> Required action:
Extract all lines in the data that contain the word "Documents".

____ Records for the exercise

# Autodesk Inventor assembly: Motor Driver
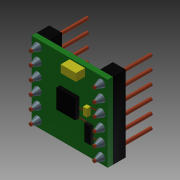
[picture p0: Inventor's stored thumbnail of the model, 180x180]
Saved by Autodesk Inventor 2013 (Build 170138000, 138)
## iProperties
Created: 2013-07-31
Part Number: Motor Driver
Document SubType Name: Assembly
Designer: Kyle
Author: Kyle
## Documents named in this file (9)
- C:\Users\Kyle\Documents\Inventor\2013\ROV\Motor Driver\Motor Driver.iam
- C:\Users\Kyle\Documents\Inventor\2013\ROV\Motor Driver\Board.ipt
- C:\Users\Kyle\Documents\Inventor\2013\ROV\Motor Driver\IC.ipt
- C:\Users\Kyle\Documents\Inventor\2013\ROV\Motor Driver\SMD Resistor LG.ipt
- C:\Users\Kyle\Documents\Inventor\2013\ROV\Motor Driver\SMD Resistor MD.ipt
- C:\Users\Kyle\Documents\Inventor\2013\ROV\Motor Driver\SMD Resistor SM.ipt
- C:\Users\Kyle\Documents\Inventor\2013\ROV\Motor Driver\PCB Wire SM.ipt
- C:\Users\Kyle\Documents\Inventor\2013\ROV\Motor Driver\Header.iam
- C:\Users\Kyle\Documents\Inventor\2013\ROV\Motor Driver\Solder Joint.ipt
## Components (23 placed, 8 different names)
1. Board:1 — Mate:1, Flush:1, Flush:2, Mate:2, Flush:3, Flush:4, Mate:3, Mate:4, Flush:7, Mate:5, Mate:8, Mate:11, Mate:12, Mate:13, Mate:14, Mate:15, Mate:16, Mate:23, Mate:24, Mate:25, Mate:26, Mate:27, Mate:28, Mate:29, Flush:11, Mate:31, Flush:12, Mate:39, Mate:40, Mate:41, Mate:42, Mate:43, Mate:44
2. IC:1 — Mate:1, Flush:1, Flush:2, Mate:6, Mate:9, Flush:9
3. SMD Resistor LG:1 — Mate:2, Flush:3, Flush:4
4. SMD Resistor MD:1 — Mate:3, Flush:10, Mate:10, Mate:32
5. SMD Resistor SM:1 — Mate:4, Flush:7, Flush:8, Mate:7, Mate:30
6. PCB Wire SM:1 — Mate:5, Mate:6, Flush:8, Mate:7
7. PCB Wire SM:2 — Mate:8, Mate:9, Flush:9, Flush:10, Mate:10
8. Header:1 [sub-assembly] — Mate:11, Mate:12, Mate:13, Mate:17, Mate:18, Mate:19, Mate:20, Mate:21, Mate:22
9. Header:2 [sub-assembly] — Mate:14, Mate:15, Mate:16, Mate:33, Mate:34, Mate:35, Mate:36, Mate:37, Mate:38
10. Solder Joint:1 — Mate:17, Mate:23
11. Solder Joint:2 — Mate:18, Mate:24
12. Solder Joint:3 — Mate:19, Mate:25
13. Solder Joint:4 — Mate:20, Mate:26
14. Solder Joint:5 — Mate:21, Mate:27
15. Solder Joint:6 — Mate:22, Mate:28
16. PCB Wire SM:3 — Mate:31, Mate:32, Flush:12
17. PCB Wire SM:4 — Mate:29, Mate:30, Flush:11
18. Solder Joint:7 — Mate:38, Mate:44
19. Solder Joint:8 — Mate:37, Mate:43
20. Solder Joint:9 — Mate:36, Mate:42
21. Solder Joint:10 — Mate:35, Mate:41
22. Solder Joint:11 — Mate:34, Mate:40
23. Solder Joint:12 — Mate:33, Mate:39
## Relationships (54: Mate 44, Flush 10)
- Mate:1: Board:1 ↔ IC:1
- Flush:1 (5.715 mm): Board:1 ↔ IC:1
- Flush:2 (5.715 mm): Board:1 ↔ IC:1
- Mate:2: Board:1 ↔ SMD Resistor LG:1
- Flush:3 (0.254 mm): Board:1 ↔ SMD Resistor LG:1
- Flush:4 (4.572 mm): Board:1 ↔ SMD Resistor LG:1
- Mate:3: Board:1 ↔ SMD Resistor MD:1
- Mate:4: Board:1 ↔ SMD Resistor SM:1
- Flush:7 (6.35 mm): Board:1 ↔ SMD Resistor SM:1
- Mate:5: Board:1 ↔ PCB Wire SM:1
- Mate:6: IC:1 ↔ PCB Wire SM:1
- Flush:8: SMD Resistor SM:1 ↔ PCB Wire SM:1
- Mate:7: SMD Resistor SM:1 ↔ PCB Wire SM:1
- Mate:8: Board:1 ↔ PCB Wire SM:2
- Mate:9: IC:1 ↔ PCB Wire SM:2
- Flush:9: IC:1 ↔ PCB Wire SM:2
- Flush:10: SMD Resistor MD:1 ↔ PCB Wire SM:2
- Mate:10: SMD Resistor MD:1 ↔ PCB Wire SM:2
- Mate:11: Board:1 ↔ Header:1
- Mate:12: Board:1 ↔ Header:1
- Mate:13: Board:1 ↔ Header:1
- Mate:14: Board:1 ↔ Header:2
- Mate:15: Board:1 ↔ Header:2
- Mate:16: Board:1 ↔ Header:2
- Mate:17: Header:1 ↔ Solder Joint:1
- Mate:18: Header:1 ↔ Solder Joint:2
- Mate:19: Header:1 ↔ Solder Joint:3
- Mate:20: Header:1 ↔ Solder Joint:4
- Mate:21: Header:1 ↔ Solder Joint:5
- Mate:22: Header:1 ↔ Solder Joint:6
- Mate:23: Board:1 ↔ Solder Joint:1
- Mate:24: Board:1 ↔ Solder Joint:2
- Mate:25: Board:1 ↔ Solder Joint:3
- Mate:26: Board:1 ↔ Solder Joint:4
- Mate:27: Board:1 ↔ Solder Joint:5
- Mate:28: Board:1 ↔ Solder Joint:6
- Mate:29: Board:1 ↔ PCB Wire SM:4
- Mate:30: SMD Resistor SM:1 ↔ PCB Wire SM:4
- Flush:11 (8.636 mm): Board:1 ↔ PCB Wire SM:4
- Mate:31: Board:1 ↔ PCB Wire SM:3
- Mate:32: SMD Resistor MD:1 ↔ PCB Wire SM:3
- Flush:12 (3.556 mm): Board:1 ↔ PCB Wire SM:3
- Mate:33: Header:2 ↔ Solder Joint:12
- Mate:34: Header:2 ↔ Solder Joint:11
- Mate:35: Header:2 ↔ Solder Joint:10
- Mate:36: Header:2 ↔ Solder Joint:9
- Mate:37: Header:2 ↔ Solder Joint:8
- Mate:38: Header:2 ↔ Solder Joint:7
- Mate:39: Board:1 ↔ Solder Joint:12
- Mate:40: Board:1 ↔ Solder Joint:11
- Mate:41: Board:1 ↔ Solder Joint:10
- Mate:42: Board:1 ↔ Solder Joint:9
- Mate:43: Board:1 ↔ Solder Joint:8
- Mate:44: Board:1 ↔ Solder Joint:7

________

> Output for this exercise:
## Documents named in this file (9)
- C:\Users\Kyle\Documents\Inventor\2013\ROV\Motor Driver\Motor Driver.iam
- C:\Users\Kyle\Documents\Inventor\2013\ROV\Motor Driver\Board.ipt
- C:\Users\Kyle\Documents\Inventor\2013\ROV\Motor Driver\IC.ipt
- C:\Users\Kyle\Documents\Inventor\2013\ROV\Motor Driver\SMD Resistor LG.ipt
- C:\Users\Kyle\Documents\Inventor\2013\ROV\Motor Driver\SMD Resistor MD.ipt
- C:\Users\Kyle\Documents\Inventor\2013\ROV\Motor Driver\SMD Resistor SM.ipt
- C:\Users\Kyle\Documents\Inventor\2013\ROV\Motor Driver\PCB Wire SM.ipt
- C:\Users\Kyle\Documents\Inventor\2013\ROV\Motor Driver\Header.iam
- C:\Users\Kyle\Documents\Inventor\2013\ROV\Motor Driver\Solder Joint.ipt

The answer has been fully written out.